### [TASK DETAILS]
Using the entries that follow, write out the line containing "#108=DIRECTION('',(0.,1.,0.));", the line containing "#119=CIRCLE('',#118,12.5);", and every line between them, exactly and nothing else.

### [DATA EXTRACTS]
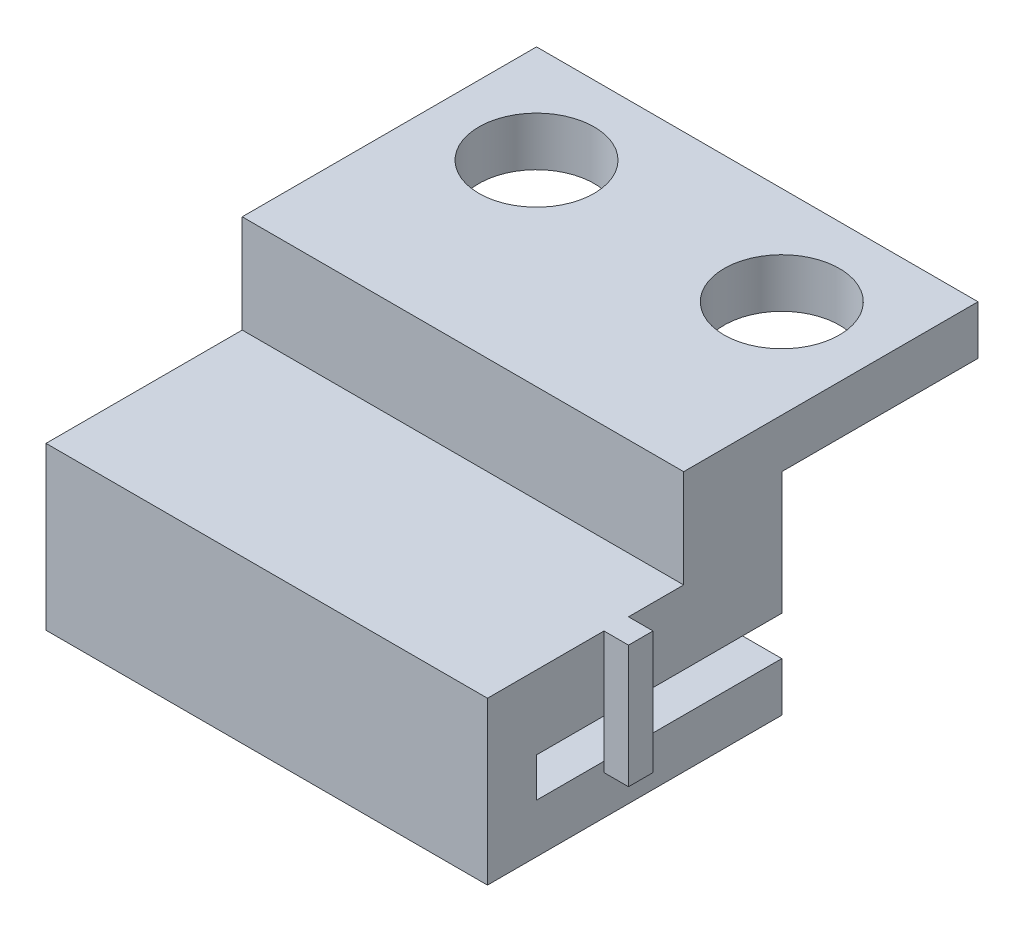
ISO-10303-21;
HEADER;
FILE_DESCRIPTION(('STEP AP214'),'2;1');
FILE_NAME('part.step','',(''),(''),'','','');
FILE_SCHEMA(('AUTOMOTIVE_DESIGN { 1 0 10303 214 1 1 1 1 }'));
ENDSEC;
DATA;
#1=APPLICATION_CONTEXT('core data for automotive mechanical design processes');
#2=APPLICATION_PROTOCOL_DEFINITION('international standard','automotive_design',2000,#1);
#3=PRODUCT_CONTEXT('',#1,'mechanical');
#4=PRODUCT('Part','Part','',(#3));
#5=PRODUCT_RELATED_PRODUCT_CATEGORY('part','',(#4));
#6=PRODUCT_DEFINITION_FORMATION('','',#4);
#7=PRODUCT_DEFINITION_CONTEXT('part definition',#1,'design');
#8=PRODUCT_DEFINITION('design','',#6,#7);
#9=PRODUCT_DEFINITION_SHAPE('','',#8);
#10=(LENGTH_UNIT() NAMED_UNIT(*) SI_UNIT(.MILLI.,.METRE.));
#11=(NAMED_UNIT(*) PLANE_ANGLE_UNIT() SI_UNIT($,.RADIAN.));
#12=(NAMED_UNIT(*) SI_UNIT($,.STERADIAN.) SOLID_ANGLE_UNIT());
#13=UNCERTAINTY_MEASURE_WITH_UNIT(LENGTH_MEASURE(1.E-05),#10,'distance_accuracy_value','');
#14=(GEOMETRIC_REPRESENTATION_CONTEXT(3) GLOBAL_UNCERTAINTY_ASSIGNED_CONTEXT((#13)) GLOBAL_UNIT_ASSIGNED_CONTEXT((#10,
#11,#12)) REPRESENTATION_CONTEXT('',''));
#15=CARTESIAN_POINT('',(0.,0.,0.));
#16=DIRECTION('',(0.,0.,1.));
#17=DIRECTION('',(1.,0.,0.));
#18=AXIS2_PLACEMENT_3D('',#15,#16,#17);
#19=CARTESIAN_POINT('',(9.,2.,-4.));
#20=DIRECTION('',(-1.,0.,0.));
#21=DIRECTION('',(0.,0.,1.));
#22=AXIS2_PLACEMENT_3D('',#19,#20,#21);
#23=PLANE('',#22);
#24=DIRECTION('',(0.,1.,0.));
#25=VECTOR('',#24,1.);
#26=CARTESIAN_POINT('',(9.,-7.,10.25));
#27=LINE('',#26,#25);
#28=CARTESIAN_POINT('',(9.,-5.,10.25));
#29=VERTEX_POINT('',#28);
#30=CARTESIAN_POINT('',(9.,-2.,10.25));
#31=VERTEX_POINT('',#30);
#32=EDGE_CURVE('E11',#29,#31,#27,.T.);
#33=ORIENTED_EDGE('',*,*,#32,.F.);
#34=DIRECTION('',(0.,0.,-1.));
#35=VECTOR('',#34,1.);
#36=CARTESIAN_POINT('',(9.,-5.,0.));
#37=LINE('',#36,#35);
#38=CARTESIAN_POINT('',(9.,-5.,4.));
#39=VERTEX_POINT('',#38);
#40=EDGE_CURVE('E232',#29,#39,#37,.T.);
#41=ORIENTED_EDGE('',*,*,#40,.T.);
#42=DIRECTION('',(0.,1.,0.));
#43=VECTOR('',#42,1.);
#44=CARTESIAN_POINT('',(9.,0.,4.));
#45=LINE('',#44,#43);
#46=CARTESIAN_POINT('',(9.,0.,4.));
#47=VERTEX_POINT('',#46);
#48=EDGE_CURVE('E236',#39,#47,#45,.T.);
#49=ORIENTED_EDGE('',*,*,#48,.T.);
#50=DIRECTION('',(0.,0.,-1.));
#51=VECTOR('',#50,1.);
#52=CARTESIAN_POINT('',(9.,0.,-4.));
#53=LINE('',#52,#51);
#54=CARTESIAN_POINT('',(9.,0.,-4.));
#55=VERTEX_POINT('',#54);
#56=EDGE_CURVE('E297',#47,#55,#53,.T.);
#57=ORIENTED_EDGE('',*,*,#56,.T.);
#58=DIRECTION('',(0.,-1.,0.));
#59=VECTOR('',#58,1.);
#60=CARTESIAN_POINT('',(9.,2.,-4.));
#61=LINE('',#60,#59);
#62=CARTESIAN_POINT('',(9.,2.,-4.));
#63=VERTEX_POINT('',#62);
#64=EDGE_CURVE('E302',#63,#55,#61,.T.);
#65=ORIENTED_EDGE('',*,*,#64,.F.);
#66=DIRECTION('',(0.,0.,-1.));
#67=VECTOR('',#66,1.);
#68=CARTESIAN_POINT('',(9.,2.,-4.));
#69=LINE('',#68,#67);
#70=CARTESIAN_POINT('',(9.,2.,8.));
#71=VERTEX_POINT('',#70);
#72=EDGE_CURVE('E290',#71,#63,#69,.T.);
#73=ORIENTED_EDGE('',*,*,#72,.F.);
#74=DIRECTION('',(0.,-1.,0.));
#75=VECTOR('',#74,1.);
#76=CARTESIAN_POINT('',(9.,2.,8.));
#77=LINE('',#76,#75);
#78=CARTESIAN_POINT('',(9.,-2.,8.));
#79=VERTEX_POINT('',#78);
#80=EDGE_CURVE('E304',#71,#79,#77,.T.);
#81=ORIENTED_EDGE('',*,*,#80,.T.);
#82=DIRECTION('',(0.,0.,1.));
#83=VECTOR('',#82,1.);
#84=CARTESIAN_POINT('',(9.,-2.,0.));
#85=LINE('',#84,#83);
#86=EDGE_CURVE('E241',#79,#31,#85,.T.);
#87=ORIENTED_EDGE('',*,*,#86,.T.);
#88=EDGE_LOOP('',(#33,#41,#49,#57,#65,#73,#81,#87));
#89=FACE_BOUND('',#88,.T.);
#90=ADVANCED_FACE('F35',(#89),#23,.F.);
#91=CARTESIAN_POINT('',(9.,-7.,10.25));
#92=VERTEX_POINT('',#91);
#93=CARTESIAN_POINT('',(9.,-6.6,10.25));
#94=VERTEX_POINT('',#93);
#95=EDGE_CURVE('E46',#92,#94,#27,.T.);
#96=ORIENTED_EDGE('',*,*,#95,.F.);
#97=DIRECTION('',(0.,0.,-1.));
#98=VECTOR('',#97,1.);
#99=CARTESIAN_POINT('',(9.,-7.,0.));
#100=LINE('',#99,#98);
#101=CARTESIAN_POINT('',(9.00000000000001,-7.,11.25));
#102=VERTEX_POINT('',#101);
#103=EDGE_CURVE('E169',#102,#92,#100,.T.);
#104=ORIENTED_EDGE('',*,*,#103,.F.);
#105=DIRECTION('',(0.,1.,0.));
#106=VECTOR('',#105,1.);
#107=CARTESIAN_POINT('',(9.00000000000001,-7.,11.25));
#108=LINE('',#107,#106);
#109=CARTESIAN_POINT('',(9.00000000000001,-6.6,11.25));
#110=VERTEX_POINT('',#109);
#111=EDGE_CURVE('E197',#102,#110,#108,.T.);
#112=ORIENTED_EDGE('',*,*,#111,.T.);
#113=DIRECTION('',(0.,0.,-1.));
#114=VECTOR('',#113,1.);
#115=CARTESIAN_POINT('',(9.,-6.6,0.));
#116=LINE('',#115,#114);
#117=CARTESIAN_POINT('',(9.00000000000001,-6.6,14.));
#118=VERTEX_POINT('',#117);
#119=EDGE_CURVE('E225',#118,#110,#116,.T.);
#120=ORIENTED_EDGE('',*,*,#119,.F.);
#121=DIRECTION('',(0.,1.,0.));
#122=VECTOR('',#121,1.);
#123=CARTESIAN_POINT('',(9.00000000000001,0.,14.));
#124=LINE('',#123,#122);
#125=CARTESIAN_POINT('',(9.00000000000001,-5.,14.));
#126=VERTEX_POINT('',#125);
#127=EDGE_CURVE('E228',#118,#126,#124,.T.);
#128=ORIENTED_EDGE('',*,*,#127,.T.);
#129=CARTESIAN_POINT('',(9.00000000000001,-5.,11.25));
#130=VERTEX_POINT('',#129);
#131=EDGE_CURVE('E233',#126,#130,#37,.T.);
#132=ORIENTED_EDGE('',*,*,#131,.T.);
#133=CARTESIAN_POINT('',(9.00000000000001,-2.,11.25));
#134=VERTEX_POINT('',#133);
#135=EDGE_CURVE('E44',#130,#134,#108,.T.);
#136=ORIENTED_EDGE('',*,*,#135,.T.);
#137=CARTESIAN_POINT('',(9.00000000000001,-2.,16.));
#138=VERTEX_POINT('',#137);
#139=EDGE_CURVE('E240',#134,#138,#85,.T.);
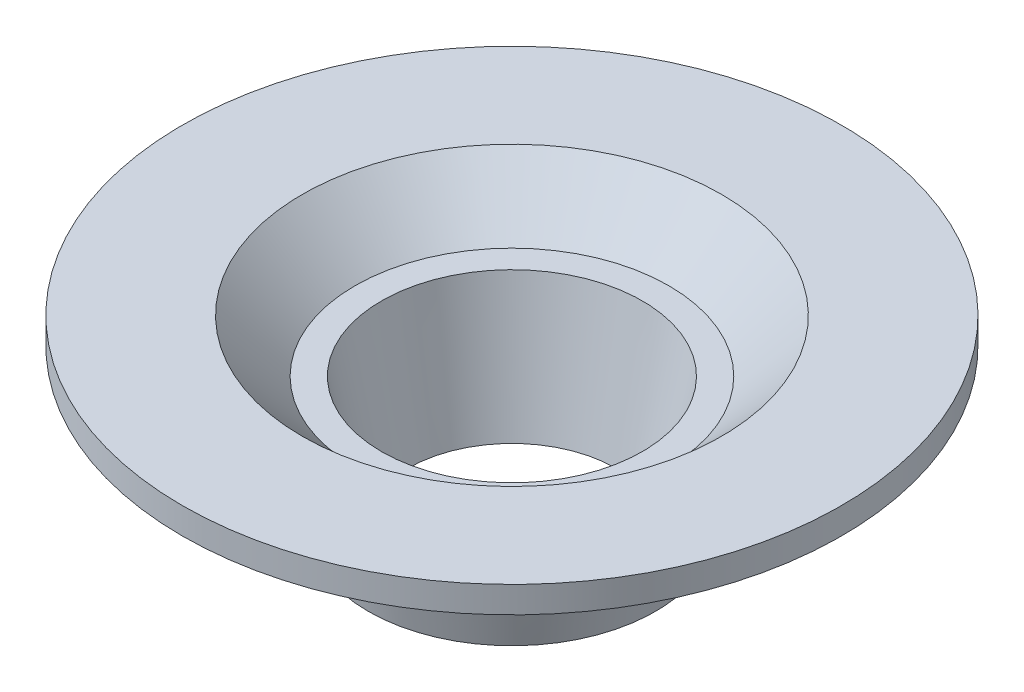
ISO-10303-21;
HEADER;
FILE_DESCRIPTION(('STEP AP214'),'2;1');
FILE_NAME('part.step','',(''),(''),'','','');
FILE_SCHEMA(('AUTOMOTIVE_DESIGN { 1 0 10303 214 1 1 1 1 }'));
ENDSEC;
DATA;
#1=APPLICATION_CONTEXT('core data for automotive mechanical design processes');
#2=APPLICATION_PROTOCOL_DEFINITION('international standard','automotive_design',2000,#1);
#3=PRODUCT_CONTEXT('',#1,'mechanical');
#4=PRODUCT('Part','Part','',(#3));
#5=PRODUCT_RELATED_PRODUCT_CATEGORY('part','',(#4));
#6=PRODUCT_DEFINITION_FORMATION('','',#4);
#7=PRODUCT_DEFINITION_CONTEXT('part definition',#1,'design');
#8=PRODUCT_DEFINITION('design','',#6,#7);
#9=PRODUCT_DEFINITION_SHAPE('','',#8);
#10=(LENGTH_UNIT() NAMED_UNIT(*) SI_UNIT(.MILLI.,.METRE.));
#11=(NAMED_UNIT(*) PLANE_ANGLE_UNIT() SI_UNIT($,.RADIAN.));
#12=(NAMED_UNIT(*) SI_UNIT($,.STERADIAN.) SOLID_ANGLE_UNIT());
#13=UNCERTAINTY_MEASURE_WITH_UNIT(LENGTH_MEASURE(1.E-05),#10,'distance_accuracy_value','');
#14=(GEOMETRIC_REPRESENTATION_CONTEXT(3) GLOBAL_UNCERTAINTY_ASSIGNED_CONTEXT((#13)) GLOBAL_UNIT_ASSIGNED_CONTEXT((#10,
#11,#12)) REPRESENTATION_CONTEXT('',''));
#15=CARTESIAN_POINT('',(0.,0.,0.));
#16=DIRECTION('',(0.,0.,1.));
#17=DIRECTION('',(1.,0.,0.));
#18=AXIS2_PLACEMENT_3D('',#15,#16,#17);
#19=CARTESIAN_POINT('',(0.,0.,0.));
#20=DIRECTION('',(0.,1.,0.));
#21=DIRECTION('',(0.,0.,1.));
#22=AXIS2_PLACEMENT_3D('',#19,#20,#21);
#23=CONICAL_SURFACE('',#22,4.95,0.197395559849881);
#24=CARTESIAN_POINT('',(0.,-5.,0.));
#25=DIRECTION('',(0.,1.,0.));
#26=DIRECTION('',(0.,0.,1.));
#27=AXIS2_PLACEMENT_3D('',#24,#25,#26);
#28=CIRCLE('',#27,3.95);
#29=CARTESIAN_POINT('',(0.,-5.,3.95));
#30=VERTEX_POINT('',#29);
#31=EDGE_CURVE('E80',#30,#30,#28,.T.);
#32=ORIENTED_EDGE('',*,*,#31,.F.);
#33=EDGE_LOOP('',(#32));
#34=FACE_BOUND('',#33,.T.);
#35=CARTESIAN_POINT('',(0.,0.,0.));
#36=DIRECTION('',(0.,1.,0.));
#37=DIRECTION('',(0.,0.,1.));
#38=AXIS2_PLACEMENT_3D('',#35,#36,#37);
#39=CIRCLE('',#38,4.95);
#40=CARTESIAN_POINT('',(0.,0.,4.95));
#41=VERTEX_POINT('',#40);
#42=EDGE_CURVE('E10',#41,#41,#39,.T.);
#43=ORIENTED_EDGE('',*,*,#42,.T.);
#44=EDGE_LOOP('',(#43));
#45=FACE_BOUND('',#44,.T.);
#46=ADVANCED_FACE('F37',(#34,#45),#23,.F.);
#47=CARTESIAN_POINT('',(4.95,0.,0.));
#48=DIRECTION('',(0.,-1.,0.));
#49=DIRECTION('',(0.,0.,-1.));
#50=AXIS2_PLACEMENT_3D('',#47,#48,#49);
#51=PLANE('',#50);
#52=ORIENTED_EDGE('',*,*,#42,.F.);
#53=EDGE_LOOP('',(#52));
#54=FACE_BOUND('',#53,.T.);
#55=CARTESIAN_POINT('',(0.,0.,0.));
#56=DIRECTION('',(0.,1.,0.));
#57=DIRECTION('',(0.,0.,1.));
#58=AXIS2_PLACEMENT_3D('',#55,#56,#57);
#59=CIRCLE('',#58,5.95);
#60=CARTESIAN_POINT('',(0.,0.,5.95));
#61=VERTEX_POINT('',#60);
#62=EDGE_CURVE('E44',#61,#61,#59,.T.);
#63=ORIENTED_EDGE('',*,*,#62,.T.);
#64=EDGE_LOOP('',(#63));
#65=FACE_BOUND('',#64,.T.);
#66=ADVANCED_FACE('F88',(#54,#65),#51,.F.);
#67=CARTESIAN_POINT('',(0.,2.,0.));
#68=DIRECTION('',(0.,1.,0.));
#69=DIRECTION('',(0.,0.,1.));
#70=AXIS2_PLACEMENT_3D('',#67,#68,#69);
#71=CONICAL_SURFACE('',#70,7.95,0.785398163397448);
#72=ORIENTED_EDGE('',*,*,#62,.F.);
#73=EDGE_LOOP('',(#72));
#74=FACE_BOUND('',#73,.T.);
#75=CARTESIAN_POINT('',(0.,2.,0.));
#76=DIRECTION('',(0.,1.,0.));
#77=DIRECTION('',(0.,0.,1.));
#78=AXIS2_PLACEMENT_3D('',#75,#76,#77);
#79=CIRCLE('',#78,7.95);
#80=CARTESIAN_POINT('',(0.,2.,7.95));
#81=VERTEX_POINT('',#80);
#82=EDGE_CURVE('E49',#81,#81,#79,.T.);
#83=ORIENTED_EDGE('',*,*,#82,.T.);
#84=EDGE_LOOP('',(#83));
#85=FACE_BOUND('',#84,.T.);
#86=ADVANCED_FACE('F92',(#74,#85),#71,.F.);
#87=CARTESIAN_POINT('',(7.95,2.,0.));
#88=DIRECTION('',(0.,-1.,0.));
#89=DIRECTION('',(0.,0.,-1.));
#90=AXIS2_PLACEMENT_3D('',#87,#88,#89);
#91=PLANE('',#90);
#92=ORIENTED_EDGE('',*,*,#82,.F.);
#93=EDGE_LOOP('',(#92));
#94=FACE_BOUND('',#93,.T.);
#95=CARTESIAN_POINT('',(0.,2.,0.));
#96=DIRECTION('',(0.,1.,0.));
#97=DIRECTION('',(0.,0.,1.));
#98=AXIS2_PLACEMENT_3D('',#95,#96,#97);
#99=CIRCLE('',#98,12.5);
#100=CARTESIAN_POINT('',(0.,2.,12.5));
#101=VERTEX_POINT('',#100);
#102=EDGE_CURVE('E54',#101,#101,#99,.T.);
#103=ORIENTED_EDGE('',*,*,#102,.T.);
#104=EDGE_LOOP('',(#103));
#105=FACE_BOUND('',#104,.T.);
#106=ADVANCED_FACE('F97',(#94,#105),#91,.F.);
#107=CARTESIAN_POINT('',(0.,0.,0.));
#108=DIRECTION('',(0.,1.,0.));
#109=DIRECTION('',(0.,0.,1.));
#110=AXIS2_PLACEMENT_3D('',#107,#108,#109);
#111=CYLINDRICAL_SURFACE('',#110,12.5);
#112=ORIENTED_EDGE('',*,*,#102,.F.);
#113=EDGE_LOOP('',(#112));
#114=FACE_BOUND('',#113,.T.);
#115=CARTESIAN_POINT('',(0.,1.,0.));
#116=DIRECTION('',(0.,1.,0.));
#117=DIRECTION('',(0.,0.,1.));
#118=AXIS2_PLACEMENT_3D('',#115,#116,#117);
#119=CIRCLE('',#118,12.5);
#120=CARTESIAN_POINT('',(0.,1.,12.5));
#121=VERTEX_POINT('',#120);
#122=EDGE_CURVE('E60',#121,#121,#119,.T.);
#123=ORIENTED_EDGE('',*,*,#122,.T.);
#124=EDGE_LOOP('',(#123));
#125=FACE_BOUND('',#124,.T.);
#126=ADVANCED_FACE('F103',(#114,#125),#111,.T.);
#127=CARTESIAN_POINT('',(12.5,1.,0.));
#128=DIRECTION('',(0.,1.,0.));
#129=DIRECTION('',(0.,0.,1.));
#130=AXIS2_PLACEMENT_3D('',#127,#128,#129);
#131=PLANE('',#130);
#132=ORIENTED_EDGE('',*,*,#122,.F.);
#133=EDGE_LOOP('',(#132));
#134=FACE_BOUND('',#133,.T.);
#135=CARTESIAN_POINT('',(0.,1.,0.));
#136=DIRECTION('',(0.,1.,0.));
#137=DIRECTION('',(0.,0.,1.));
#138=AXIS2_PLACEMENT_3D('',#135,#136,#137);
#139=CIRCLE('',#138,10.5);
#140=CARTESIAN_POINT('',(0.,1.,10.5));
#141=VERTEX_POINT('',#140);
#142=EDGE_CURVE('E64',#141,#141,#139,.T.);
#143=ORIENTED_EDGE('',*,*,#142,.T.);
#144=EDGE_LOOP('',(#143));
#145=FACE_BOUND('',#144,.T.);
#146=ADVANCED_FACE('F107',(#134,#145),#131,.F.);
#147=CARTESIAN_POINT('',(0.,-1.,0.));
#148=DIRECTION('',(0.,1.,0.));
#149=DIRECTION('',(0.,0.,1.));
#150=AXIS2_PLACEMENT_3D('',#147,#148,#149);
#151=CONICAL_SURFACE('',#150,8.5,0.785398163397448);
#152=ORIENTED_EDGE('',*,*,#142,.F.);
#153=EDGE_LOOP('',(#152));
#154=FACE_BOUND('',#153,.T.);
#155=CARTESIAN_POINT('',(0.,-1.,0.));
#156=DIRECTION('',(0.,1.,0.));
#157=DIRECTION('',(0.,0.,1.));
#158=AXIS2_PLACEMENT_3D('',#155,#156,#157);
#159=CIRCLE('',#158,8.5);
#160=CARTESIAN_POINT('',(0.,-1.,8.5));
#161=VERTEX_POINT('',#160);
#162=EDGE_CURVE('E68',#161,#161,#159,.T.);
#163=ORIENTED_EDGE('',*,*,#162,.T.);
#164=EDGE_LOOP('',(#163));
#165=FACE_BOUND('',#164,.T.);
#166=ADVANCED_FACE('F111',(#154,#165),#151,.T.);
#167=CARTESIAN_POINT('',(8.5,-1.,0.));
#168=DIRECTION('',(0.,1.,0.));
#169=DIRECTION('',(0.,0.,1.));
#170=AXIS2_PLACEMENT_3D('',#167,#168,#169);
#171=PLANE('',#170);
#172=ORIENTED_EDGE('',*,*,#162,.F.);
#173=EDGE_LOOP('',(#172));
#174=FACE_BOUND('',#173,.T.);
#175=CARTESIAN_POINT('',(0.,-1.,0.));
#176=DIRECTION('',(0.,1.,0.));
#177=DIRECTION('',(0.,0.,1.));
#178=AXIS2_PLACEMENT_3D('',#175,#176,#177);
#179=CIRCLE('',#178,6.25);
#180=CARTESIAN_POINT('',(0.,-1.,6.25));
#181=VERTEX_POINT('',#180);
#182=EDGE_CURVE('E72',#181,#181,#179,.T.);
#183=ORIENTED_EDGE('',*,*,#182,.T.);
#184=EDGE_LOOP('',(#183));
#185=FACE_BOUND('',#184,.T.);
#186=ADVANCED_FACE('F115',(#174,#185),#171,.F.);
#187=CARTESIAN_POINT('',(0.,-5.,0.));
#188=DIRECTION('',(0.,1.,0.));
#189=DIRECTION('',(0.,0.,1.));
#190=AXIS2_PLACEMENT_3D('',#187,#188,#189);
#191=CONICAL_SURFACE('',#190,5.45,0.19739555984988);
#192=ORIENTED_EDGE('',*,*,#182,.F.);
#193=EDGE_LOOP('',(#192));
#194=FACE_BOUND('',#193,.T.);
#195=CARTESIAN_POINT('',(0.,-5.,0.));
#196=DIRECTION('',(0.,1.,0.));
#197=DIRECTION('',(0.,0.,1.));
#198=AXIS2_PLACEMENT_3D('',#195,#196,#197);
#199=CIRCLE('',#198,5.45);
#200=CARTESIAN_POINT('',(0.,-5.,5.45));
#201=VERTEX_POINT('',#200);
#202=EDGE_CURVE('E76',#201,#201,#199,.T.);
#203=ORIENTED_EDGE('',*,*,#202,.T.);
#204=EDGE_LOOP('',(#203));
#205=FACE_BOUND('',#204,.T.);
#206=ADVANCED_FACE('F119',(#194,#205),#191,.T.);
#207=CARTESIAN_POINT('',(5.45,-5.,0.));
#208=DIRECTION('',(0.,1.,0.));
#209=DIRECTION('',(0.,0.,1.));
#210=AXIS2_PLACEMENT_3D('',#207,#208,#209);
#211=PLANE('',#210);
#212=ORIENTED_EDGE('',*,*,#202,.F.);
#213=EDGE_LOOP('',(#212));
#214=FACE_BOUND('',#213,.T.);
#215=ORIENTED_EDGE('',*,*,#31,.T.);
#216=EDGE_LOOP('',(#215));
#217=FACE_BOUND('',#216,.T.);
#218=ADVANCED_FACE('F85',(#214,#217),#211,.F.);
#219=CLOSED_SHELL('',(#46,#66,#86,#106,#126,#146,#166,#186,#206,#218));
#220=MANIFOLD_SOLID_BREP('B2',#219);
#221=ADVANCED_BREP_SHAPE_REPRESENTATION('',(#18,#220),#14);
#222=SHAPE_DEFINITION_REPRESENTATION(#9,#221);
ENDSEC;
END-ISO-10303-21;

### [YOUR RESPONSE]
#108=DIRECTION('',(0.,1.,0.));
#109=DIRECTION('',(0.,0.,1.));
#110=AXIS2_PLACEMENT_3D('',#107,#108,#109);
#111=CYLINDRICAL_SURFACE('',#110,12.5);
#112=ORIENTED_EDGE('',*,*,#102,.F.);
#113=EDGE_LOOP('',(#112));
#114=FACE_BOUND('',#113,.T.);
#115=CARTESIAN_POINT('',(0.,1.,0.));
#116=DIRECTION('',(0.,1.,0.));
#117=DIRECTION('',(0.,0.,1.));
#118=AXIS2_PLACEMENT_3D('',#115,#116,#117);
#119=CIRCLE('',#118,12.5);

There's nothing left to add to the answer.